## EXERCISE
Below are records that hold pictures; write out only the lines from their start through the line with "J1: 0.96_I2C_OLED; PinHeader_1x04_P2.54mm_Vertical", exactly, and drop the pictures.

• • • •

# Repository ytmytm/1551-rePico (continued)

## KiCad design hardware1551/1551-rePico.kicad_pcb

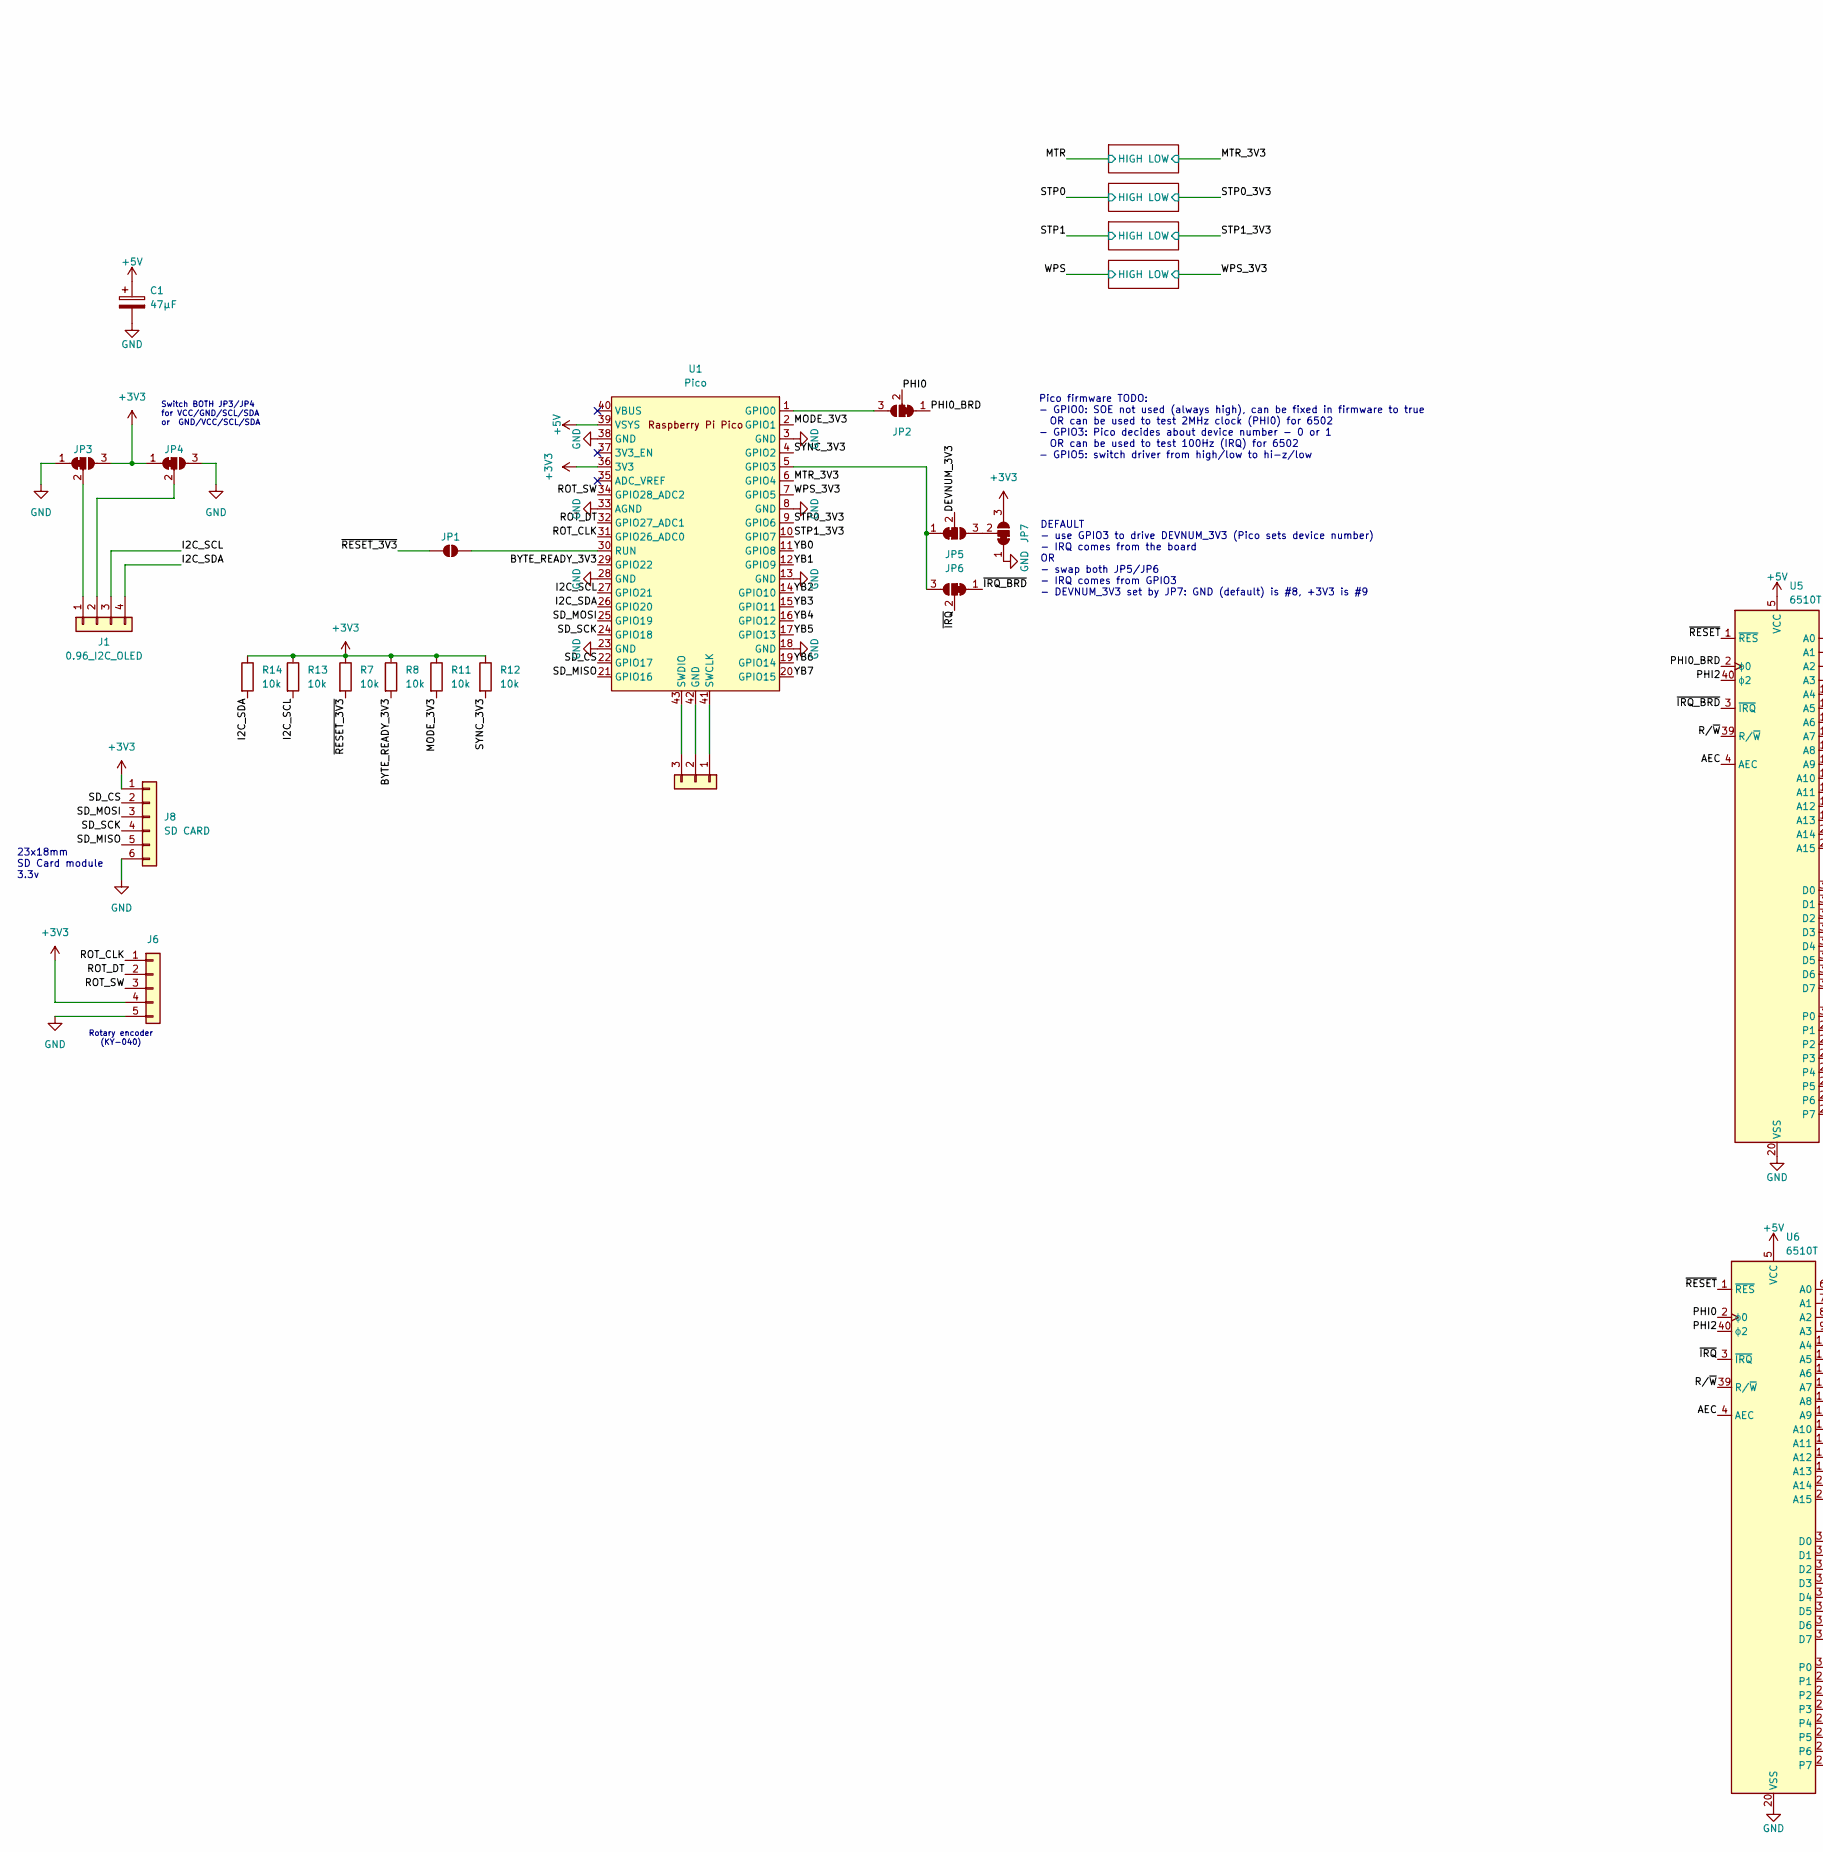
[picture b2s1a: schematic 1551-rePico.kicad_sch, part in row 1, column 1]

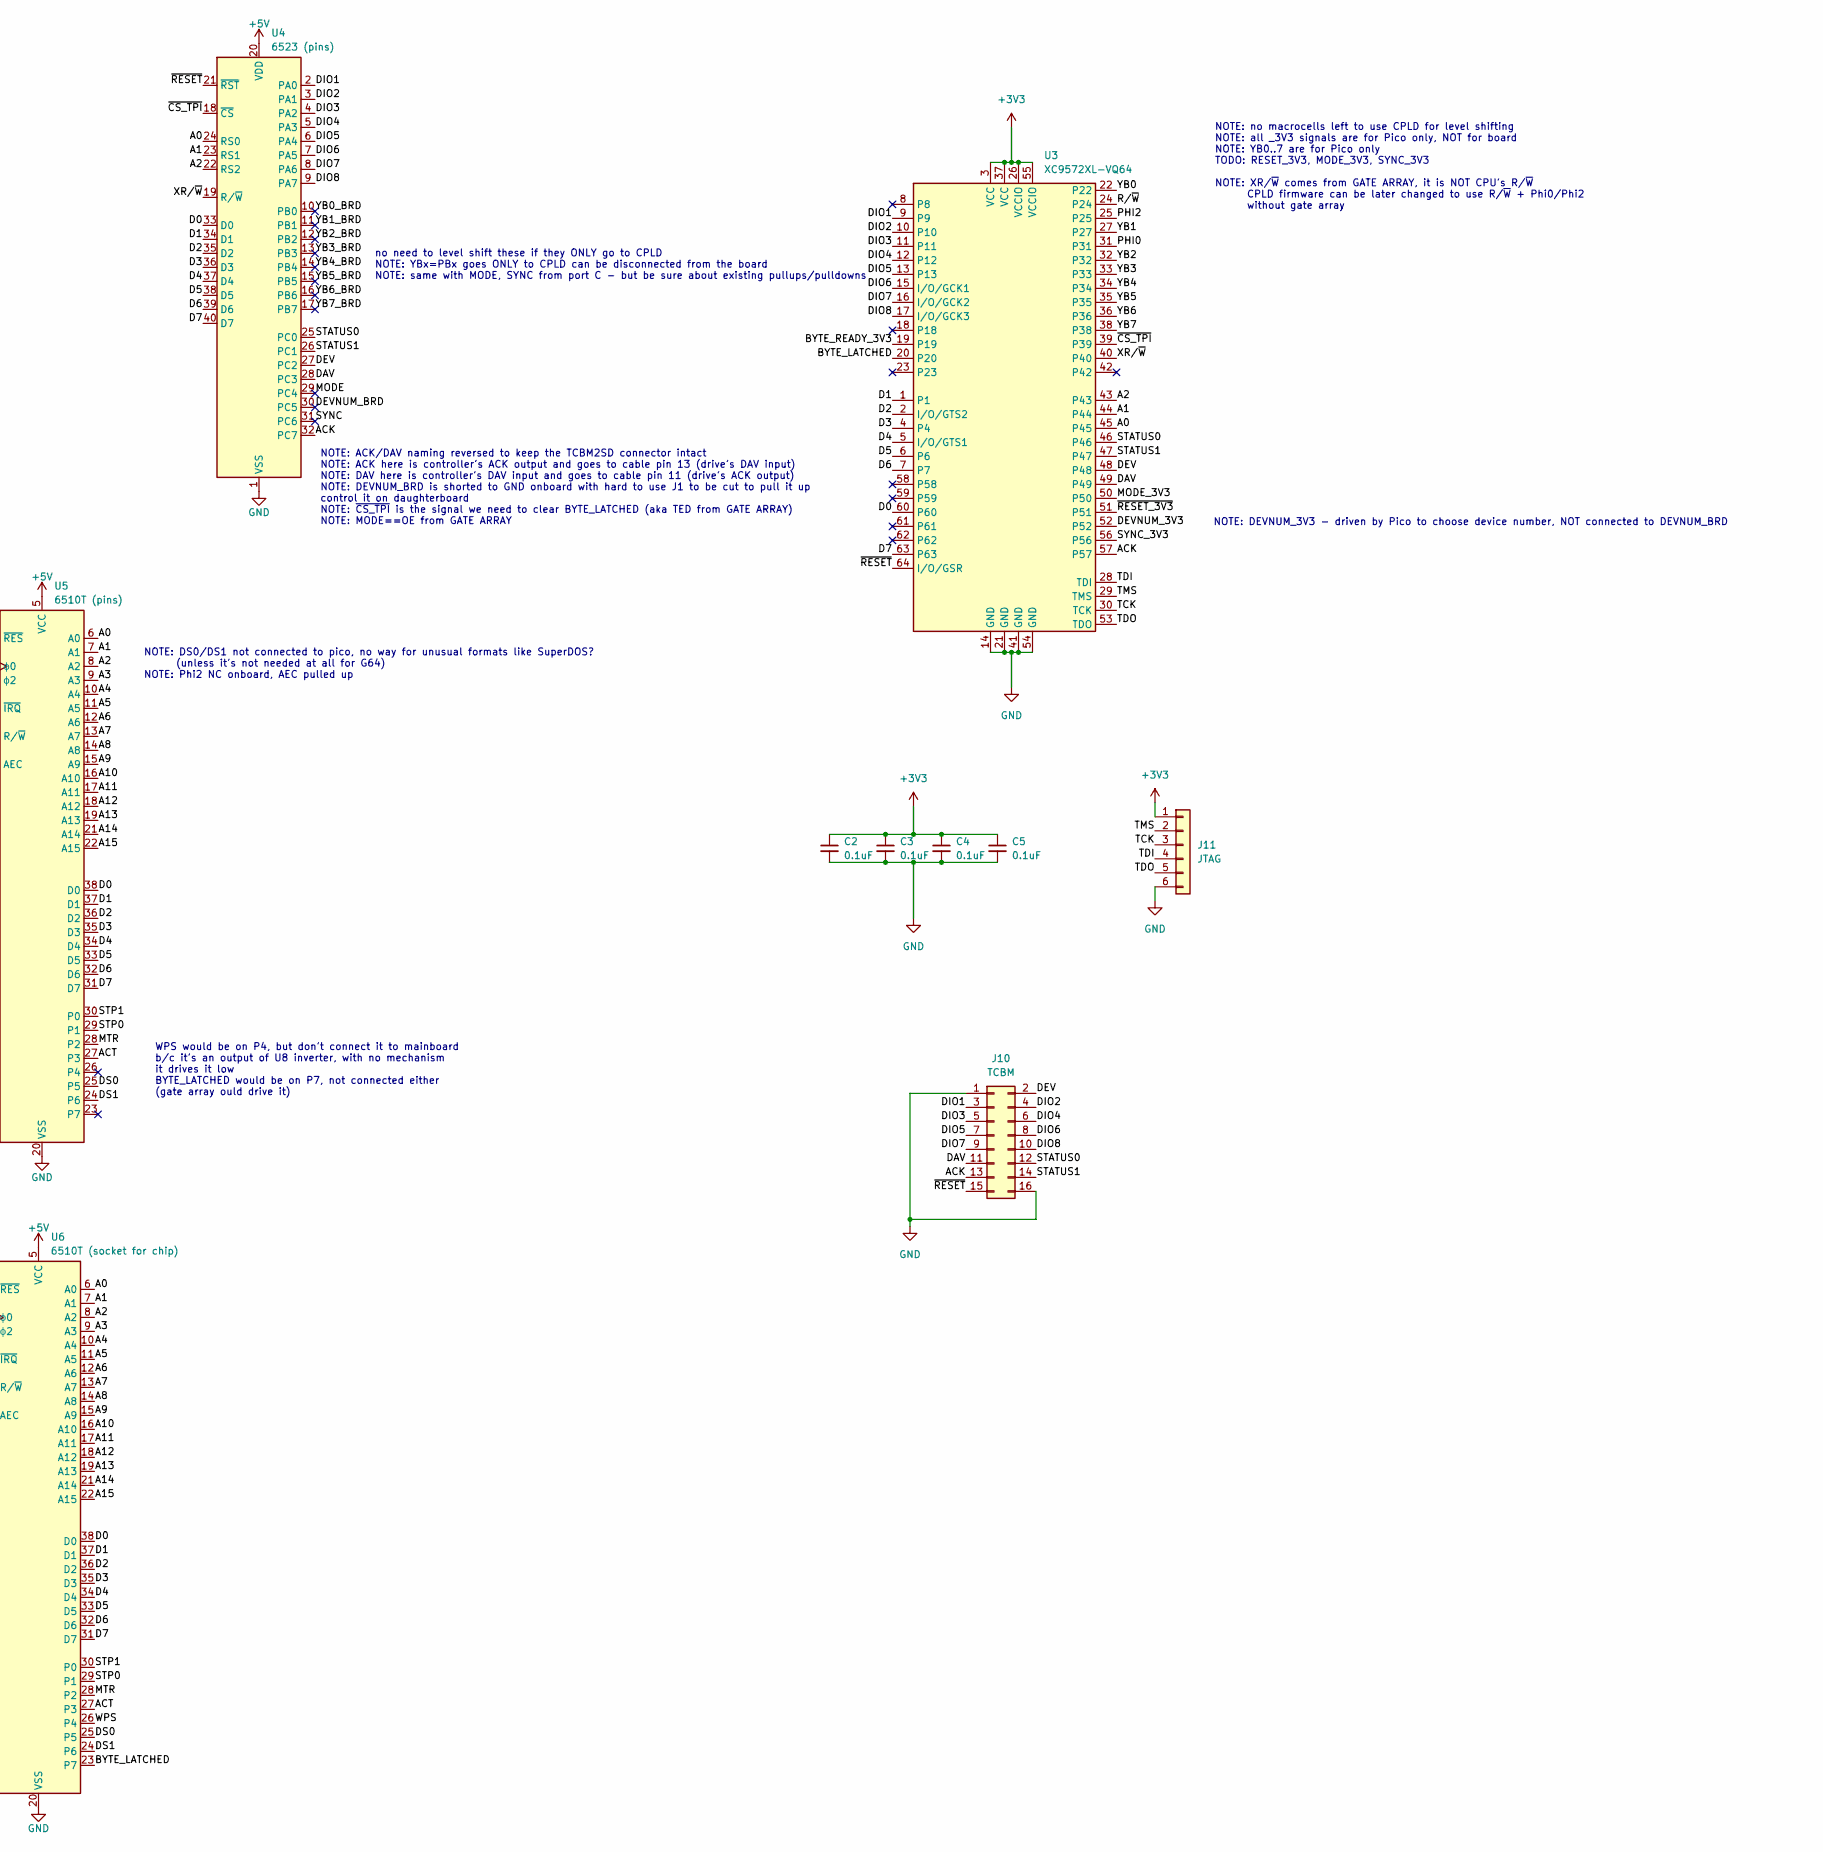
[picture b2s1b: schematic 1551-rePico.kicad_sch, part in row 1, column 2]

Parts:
C1: 47µF; CP_Radial_D5.0mm_P2.50mm
C2, C3, C4, C5: 0.1uF; C_0805_2012Metric_Pad1.18x1.45mm_HandSolder; JLCPCB Part # C49678
J1: 0.96_I2C_OLED; PinHeader_1x04_P2.54mm_Vertical
J6: Conn_01x05; PinHeader_1x05_P2.54mm_Vertical
J8: SD CARD; PinHeader_1x06_P2.54mm_Vertical
J10: TCBM; IDC-Header_2x08_P2.54mm_Vertical
J11: JTAG; PinHeader_1x06_P2.54mm_Vertical
JP1: SolderJumper-2_P1.3mm_Open_RoundedPad1.0x1.5mm
JP2, JP3, JP4, JP5, JP6, JP7: SolderJumper_3_Bridged12; SolderJumper-3_P1.3mm_Bridged12_RoundedPad1.0x1.5mm_NumberL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
R7, R8, R11, R12, R13, R14: 10k; R_0805_2012Metric_Pad1.20x1.40mm_HandSolder; MFR.Part # RCA0510KFLF; JLCPCB Part # C22356686
SWDBG1: DEBUG; PinHeader_1x03_P2.54mm_Vertical
U1: Pico; RPi_Pico_SMD_TH
U3: XC9572XL-VQ64; TQFP-64_10x10mm_P0.5mm; JLCPCB Part # C90569
U4: 6523 (pins); DIP-40_W15.24mm
U5: 6510T (pins); DIP-40_W15.24mm
U6: 6510T (socket for chip); DIP-40_W15.24mm

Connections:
+3V3: C2.1, C3.1, C4.1, C5.1, J6.4, J8.1, J11.1, JP3.3 (B), JP4.1 (A), JP7.3 (B), R7.1, R8.1, R11.1, R12.1, R13.1, R14.1, U1.36 (3V3), U3.3 (VCC), U3.26 (VCCIO), U3.37 (VCC), U3.55 (VCCIO); also elsewhere on the board
+5V: C1.1, U1.39 (VSYS), U4.20 (VDD), U5.5 (VCC), U6.5 (VCC); also elsewhere on the board
/A0: U3.45, U4.24 (RS0), U5.6 (A0), U6.6 (A0)
/A1: U3.44, U4.23 (RS1), U5.7 (A1), U6.7 (A1)
/A2: U3.43, U4.22 (RS2), U5.8 (A2), U6.8 (A2)
/A3: U5.9 (A3), U6.9 (A3)
/A4: U5.10 (A4), U6.10 (A4)
/A5: U5.11 (A5), U6.11 (A5)
/A6: U5.12 (A6), U6.12 (A6)
/A7: U5.13 (A7), U6.13 (A7)
/A8: U5.14 (A8), U6.14 (A8)
/A9: U5.15 (A9), U6.15 (A9)
/A10: U5.16 (A10), U6.16 (A10)
/A11: U5.17 (A11), U6.17 (A11)
/A12: U5.18 (A12), U6.18 (A12)
/A13: U5.19 (A13), U6.19 (A13)
/A14: U5.21 (A14), U6.21 (A14)
/A15: U5.22 (A15), U6.22 (A15)
/ACK: J10.13, U3.57, U4.32 (PC7)
/ACT: U5.27 (P3), U6.27 (P3)
/AEC: U5.4 (AEC), U6.4 (AEC)
/BYTE_LATCHED: U3.20, U6.23 (P7)
/BYTE_READY_3V3: R8.2, U1.29 (GPIO22), U3.19
/D0: U3.60, U4.33 (D0), U5.38 (D0), U6.38 (D0)
/D1: U3.1, U4.34 (D1), U5.37 (D1), U6.37 (D1)
/D2: U3.2 (I/O/GTS2), U4.35 (D2), U5.36 (D2), U6.36 (D2)
/D3: U3.4, U4.36 (D3), U5.35 (D3), U6.35 (D3)
/D4: U3.5 (I/O/GTS1), U4.37 (D4), U5.34 (D4), U6.34 (D4)
/D5: U3.6, U4.38 (D5), U5.33 (D5), U6.33 (D5)
/D6: U3.7, U4.39 (D6), U5.32 (D6), U6.32 (D6)
/D7: U3.63, U4.40 (D7), U5.31 (D7), U6.31 (D7)
/DAV: J10.11, U3.49, U4.28 (PC3)
/DEV: J10.2, U3.48, U4.27 (PC2)
/DEVNUM_3V3: JP5.2 (C), U3.52
/DEVNUM_BRD: U4.30 (PC5)
/DIO1: J10.3, U3.9, U4.2 (PA0)
/DIO2: J10.4, U3.10, U4.3 (PA1)
/DIO3: J10.5, U3.11, U4.4 (PA2)
/DIO4: J10.6, U3.12, U4.5 (PA3)
/DIO5: J10.7, U3.13, U4.6 (PA4)
/DIO6: J10.8, U3.15 (I/O/GCK1), U4.7 (PA5)
/DIO7: J10.9, U3.16 (I/O/GCK2), U4.8 (PA6)
/DIO8: J10.10, U3.17 (I/O/GCK3), U4.9 (PA7)
/DS0: U5.25 (P5), U6.25 (P5)
/DS1: U5.24 (P6), U6.24 (P6)
/I2C_SCL: J1.3, R13.2, U1.27 (GPIO21)
/I2C_SDA: J1.4, R14.2, U1.26 (GPIO20)
/MODE: U4.29 (PC4)
/MODE_3V3: R11.2, U1.2 (GPIO1), U3.50
/MTR: U5.28 (P2), U6.28 (P2); also elsewhere on the board
/MTR_3V3: U1.6 (GPIO4); also elsewhere on the board
/PHI0: JP2.2 (C), U3.31, U6.2 (ϕ0)
/PHI0_BRD: JP2.1 (A), U5.2 (ϕ0)
/PHI2: U3.25, U5.40 (ϕ2), U6.40 (ϕ2)
/ROT_CLK: J6.1, U1.31 (GPIO26_ADC0)
/ROT_DT: J6.2, U1.32 (GPIO27_ADC1)
/ROT_SW: J6.3, U1.34 (GPIO28_ADC2)
/R/~W: U3.24, U5.39 (R/~W), U6.39 (R/~W)
/SD_CS: J8.2, U1.22 (GPIO17)
/SD_MISO: J8.5, U1.21 (GPIO16)
/SD_MOSI: J8.3, U1.25 (GPIO19)
/SD_SCK: J8.4, U1.24 (GPIO18)
/STATUS0: J10.12, U3.46, U4.25 (PC0)
/STATUS1: J10.14, U3.47, U4.26 (PC1)
/STP0: U5.29 (P1), U6.29 (P1); also elsewhere on the board
/STP0_3V3: U1.9 (GPIO6); also elsewhere on the board
/STP1: U5.30 (P0), U6.30 (P0); also elsewhere on the board
/STP1_3V3: U1.10 (GPIO7); also elsewhere on the board
/SYNC: U4.31 (PC6)
/SYNC_3V3: R12.2, U1.4 (GPIO2), U3.56
/TCK: J11.3, U3.30 (TCK)
/TDI: J11.4, U3.28 (TDI)
/TDO: J11.5, U3.53 (TDO)
/TMS: J11.2, U3.29 (TMS)
/WPS: U6.26 (P4); also elsewhere on the board
/WPS_3V3: U1.7 (GPIO5); also elsewhere on the board
/XR/~W: U3.40, U4.19 (R/~W)
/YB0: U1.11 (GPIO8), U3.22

• • • •

## TASK RESULT
# Repository ytmytm/1551-rePico (continued)

## KiCad design hardware1551/1551-rePico.kicad_pcb

[picture b2s1a: schematic 1551-rePico.kicad_sch, part in row 1, column 1]

[picture b2s1b: schematic 1551-rePico.kicad_sch, part in row 1, column 2]

Parts:
C1: 47µF; CP_Radial_D5.0mm_P2.50mm
C2, C3, C4, C5: 0.1uF; C_0805_2012Metric_Pad1.18x1.45mm_HandSolder; JLCPCB Part # C49678
J1: 0.96_I2C_OLED; PinHeader_1x04_P2.54mm_Vertical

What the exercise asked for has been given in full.